═══ LISTED RECORDS ═══

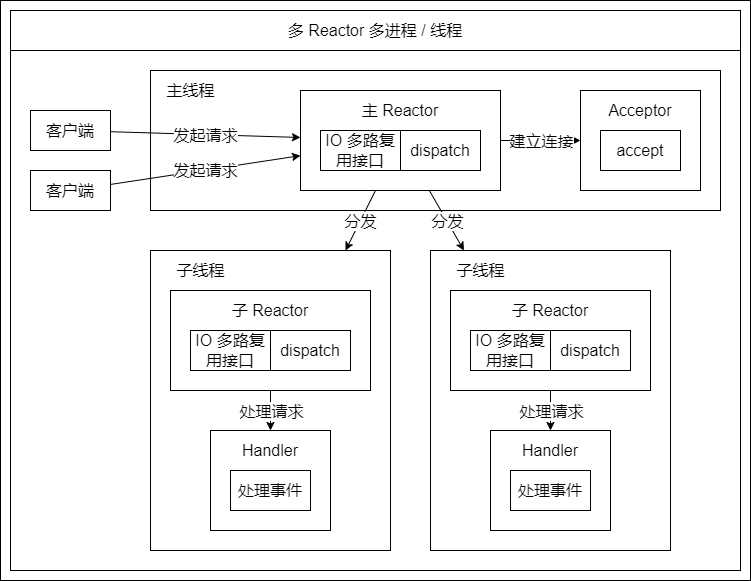

The diagram above was exported from draw.io. Its source (the exported page's mxGraphModel, read from the mxfile embedded in the PNG):
<mxGraphModel dx="2309" dy="3225" grid="1" gridSize="10" guides="0" tooltips="1" connect="1" arrows="0" fold="1" page="1" pageScale="1" pageWidth="827" pageHeight="1169" math="0" shadow="0">
  <root>
    <mxCell id="0" />
    <mxCell id="1" parent="0" />
    <mxCell id="2" value="" style="group" vertex="1" connectable="0" parent="1">
      <mxGeometry x="4860" y="1090" width="750" height="580" as="geometry" />
    </mxCell>
    <mxCell id="3" value="" style="rounded=0;whiteSpace=wrap;html=1;fontSize=16;strokeColor=default;fillColor=none;container=0;" vertex="1" parent="2">
      <mxGeometry x="150" y="70" width="570" height="140" as="geometry" />
    </mxCell>
    <mxCell id="4" value="" style="rounded=0;whiteSpace=wrap;html=1;fontSize=16;strokeColor=default;fillColor=none;container=0;" vertex="1" parent="2">
      <mxGeometry x="150" y="250" width="240" height="300" as="geometry" />
    </mxCell>
    <mxCell id="5" value="" style="rounded=0;whiteSpace=wrap;html=1;fontSize=16;strokeColor=default;fillColor=none;container=0;" vertex="1" parent="2">
      <mxGeometry x="430" y="250" width="240" height="300" as="geometry" />
    </mxCell>
    <mxCell id="6" value="客户端" style="rounded=0;whiteSpace=wrap;html=1;strokeColor=default;fillColor=none;container=0;fontSize=16;" vertex="1" parent="2">
      <mxGeometry x="30" y="110" width="80" height="40" as="geometry" />
    </mxCell>
    <mxCell id="7" value="主 Reactor" style="rounded=0;whiteSpace=wrap;html=1;strokeColor=default;fillColor=none;spacingTop=-60;container=0;fontSize=16;" vertex="1" parent="2">
      <mxGeometry x="300" y="90" width="200" height="100" as="geometry" />
    </mxCell>
    <mxCell id="8" value="&lt;span class=&quot;content-right_8Zs40&quot; style=&quot;font-size: 16px;&quot;&gt;IO&amp;nbsp;&lt;/span&gt;&lt;span style=&quot;font-size: 16px;&quot;&gt;多路复用接口&lt;/span&gt;" style="rounded=0;whiteSpace=wrap;html=1;strokeColor=default;fillColor=none;container=0;fontSize=16;" vertex="1" parent="2">
      <mxGeometry x="320" y="130" width="80" height="40" as="geometry" />
    </mxCell>
    <mxCell id="9" value="dispatch" style="rounded=0;whiteSpace=wrap;html=1;strokeColor=default;fillColor=none;container=0;fontSize=16;" vertex="1" parent="2">
      <mxGeometry x="400" y="130" width="80" height="40" as="geometry" />
    </mxCell>
    <mxCell id="10" value="Acceptor" style="rounded=0;whiteSpace=wrap;html=1;strokeColor=default;fillColor=none;spacingTop=-60;container=0;fontSize=16;" vertex="1" parent="2">
      <mxGeometry x="580" y="90" width="120" height="100" as="geometry" />
    </mxCell>
    <mxCell id="11" value="accept" style="rounded=0;whiteSpace=wrap;html=1;strokeColor=default;fillColor=none;container=0;fontSize=16;" vertex="1" parent="2">
      <mxGeometry x="600" y="130" width="80" height="40" as="geometry" />
    </mxCell>
    <mxCell id="12" value="Handler" style="rounded=0;whiteSpace=wrap;html=1;strokeColor=default;fillColor=none;spacingTop=-60;container=0;fontSize=16;" vertex="1" parent="2">
      <mxGeometry x="210" y="430" width="120" height="100" as="geometry" />
    </mxCell>
    <mxCell id="13" value="处理事件" style="rounded=0;whiteSpace=wrap;html=1;strokeColor=default;fillColor=none;container=0;fontSize=16;" vertex="1" parent="2">
      <mxGeometry x="230" y="470" width="80" height="40" as="geometry" />
    </mxCell>
    <mxCell id="14" value="" style="endArrow=classic;html=1;rounded=0;fontSize=16;" edge="1" parent="2" source="6" target="7">
      <mxGeometry width="50" height="50" relative="1" as="geometry">
        <mxPoint x="350" y="290" as="sourcePoint" />
        <mxPoint x="400" y="240" as="targetPoint" />
      </mxGeometry>
    </mxCell>
    <mxCell id="15" value="发起请求" style="edgeLabel;html=1;align=center;verticalAlign=middle;resizable=0;points=[];container=0;fontSize=16;" vertex="1" connectable="0" parent="14">
      <mxGeometry relative="1" as="geometry">
        <mxPoint as="offset" />
      </mxGeometry>
    </mxCell>
    <mxCell id="16" value="" style="endArrow=classic;html=1;rounded=0;fontSize=16;" edge="1" parent="2" source="7" target="10">
      <mxGeometry width="50" height="50" relative="1" as="geometry">
        <mxPoint x="170" y="124.28571428571422" as="sourcePoint" />
        <mxPoint x="310" y="139.28571428571422" as="targetPoint" />
      </mxGeometry>
    </mxCell>
    <mxCell id="17" value="建立连接" style="edgeLabel;html=1;align=center;verticalAlign=middle;resizable=0;points=[];container=0;fontSize=16;" vertex="1" connectable="0" parent="16">
      <mxGeometry relative="1" as="geometry">
        <mxPoint as="offset" />
      </mxGeometry>
    </mxCell>
    <mxCell id="18" value="" style="endArrow=classic;html=1;rounded=0;fontSize=16;" edge="1" parent="2" source="28" target="12">
      <mxGeometry width="50" height="50" relative="1" as="geometry">
        <mxPoint x="376.25" y="10" as="sourcePoint" />
        <mxPoint x="280" y="140" as="targetPoint" />
      </mxGeometry>
    </mxCell>
    <mxCell id="19" value="处理请求" style="edgeLabel;html=1;align=center;verticalAlign=middle;resizable=0;points=[];container=0;fontSize=16;" vertex="1" connectable="0" parent="18">
      <mxGeometry relative="1" as="geometry">
        <mxPoint as="offset" />
      </mxGeometry>
    </mxCell>
    <mxCell id="20" value="&lt;span style=&quot;text-align: left&quot;&gt;多 Reactor 多进程 / 线程&lt;/span&gt;" style="rounded=0;whiteSpace=wrap;html=1;strokeColor=default;fillColor=none;container=0;fontSize=16;" vertex="1" parent="2">
      <mxGeometry x="10" y="10" width="730" height="40" as="geometry" />
    </mxCell>
    <mxCell id="21" value="主线程" style="text;html=1;align=center;verticalAlign=middle;resizable=0;points=[];autosize=1;strokeColor=none;fillColor=none;fontSize=16;container=0;" vertex="1" parent="2">
      <mxGeometry x="160" y="80" width="60" height="20" as="geometry" />
    </mxCell>
    <mxCell id="22" value="" style="endArrow=classic;html=1;rounded=0;fontSize=16;" edge="1" parent="2" source="7" target="4">
      <mxGeometry width="50" height="50" relative="1" as="geometry">
        <mxPoint x="578.75" y="190" as="sourcePoint" />
        <mxPoint x="500" y="310" as="targetPoint" />
      </mxGeometry>
    </mxCell>
    <mxCell id="23" value="分发" style="edgeLabel;html=1;align=center;verticalAlign=middle;resizable=0;points=[];container=0;fontSize=16;" vertex="1" connectable="0" parent="22">
      <mxGeometry relative="1" as="geometry">
        <mxPoint as="offset" />
      </mxGeometry>
    </mxCell>
    <mxCell id="24" value="客户端" style="rounded=0;whiteSpace=wrap;html=1;strokeColor=default;fillColor=none;container=0;fontSize=16;" vertex="1" parent="2">
      <mxGeometry x="30" y="170" width="80" height="40" as="geometry" />
    </mxCell>
    <mxCell id="25" value="" style="endArrow=classic;html=1;rounded=0;fontSize=16;" edge="1" parent="2" source="24" target="7">
      <mxGeometry width="50" height="50" relative="1" as="geometry">
        <mxPoint x="90" y="176.66666666666606" as="sourcePoint" />
        <mxPoint x="310" y="158.33333333333303" as="targetPoint" />
      </mxGeometry>
    </mxCell>
    <mxCell id="26" value="发起请求" style="edgeLabel;html=1;align=center;verticalAlign=middle;resizable=0;points=[];container=0;fontSize=16;" vertex="1" connectable="0" parent="25">
      <mxGeometry relative="1" as="geometry">
        <mxPoint as="offset" />
      </mxGeometry>
    </mxCell>
    <mxCell id="27" value="子线程" style="text;html=1;align=center;verticalAlign=middle;resizable=0;points=[];autosize=1;strokeColor=none;fillColor=none;fontSize=16;container=0;" vertex="1" parent="2">
      <mxGeometry x="170" y="260" width="60" height="20" as="geometry" />
    </mxCell>
    <mxCell id="28" value="子 Reactor" style="rounded=0;whiteSpace=wrap;html=1;strokeColor=default;fillColor=none;spacingTop=-60;container=0;fontSize=16;" vertex="1" parent="2">
      <mxGeometry x="170" y="290" width="200" height="100" as="geometry" />
    </mxCell>
    <mxCell id="29" value="&lt;span class=&quot;content-right_8Zs40&quot; style=&quot;font-size: 16px;&quot;&gt;IO&amp;nbsp;&lt;/span&gt;&lt;span style=&quot;font-size: 16px;&quot;&gt;多路复用接口&lt;/span&gt;" style="rounded=0;whiteSpace=wrap;html=1;strokeColor=default;fillColor=none;container=0;fontSize=16;" vertex="1" parent="2">
      <mxGeometry x="190" y="330" width="80" height="40" as="geometry" />
    </mxCell>
    <mxCell id="30" value="dispatch" style="rounded=0;whiteSpace=wrap;html=1;strokeColor=default;fillColor=none;container=0;fontSize=16;" vertex="1" parent="2">
      <mxGeometry x="270" y="330" width="80" height="40" as="geometry" />
    </mxCell>
    <mxCell id="31" value="Handler" style="rounded=0;whiteSpace=wrap;html=1;strokeColor=default;fillColor=none;spacingTop=-60;container=0;fontSize=16;" vertex="1" parent="2">
      <mxGeometry x="490" y="430" width="120" height="100" as="geometry" />
    </mxCell>
    <mxCell id="32" value="处理事件" style="rounded=0;whiteSpace=wrap;html=1;strokeColor=default;fillColor=none;container=0;fontSize=16;" vertex="1" parent="2">
      <mxGeometry x="510" y="470" width="80" height="40" as="geometry" />
    </mxCell>
    <mxCell id="33" value="" style="endArrow=classic;html=1;rounded=0;fontSize=16;" edge="1" parent="2" source="36" target="31">
      <mxGeometry width="50" height="50" relative="1" as="geometry">
        <mxPoint x="656.25" y="10" as="sourcePoint" />
        <mxPoint x="560" y="140" as="targetPoint" />
      </mxGeometry>
    </mxCell>
    <mxCell id="34" value="处理请求" style="edgeLabel;html=1;align=center;verticalAlign=middle;resizable=0;points=[];container=0;fontSize=16;" vertex="1" connectable="0" parent="33">
      <mxGeometry relative="1" as="geometry">
        <mxPoint as="offset" />
      </mxGeometry>
    </mxCell>
    <mxCell id="35" value="子线程" style="text;html=1;align=center;verticalAlign=middle;resizable=0;points=[];autosize=1;strokeColor=none;fillColor=none;fontSize=16;container=0;" vertex="1" parent="2">
      <mxGeometry x="450" y="260" width="60" height="20" as="geometry" />
    </mxCell>
    <mxCell id="36" value="子 Reactor" style="rounded=0;whiteSpace=wrap;html=1;strokeColor=default;fillColor=none;spacingTop=-60;container=0;fontSize=16;" vertex="1" parent="2">
      <mxGeometry x="450" y="290" width="200" height="100" as="geometry" />
    </mxCell>
    <mxCell id="37" value="&lt;span class=&quot;content-right_8Zs40&quot; style=&quot;font-size: 16px;&quot;&gt;IO&amp;nbsp;&lt;/span&gt;&lt;span style=&quot;font-size: 16px;&quot;&gt;多路复用接口&lt;/span&gt;" style="rounded=0;whiteSpace=wrap;html=1;strokeColor=default;fillColor=none;container=0;fontSize=16;" vertex="1" parent="2">
      <mxGeometry x="470" y="330" width="80" height="40" as="geometry" />
    </mxCell>
    <mxCell id="38" value="dispatch" style="rounded=0;whiteSpace=wrap;html=1;strokeColor=default;fillColor=none;container=0;fontSize=16;" vertex="1" parent="2">
      <mxGeometry x="550" y="330" width="80" height="40" as="geometry" />
    </mxCell>
    <mxCell id="39" value="" style="endArrow=classic;html=1;rounded=0;fontSize=16;" edge="1" parent="2" source="7" target="5">
      <mxGeometry width="50" height="50" relative="1" as="geometry">
        <mxPoint x="396.66666666666697" y="200" as="sourcePoint" />
        <mxPoint x="356.66666666666697" y="350" as="targetPoint" />
      </mxGeometry>
    </mxCell>
    <mxCell id="40" value="分发" style="edgeLabel;html=1;align=center;verticalAlign=middle;resizable=0;points=[];container=0;fontSize=16;" vertex="1" connectable="0" parent="39">
      <mxGeometry relative="1" as="geometry">
        <mxPoint as="offset" />
      </mxGeometry>
    </mxCell>
    <mxCell id="41" value="" style="rounded=0;whiteSpace=wrap;html=1;fontSize=16;strokeColor=default;fillColor=none;container=0;" vertex="1" parent="2">
      <mxGeometry x="10" y="50" width="730" height="520" as="geometry" />
    </mxCell>
    <mxCell id="42" value="" style="rounded=0;whiteSpace=wrap;html=1;fillColor=none;" vertex="1" parent="2">
      <mxGeometry width="750" height="580" as="geometry" />
    </mxCell>
  </root>
</mxGraphModel>

═══

Tally every line of the data that holds the word "targetPoint" and write the count alone.

ANSWER TO THE PROBLEM
7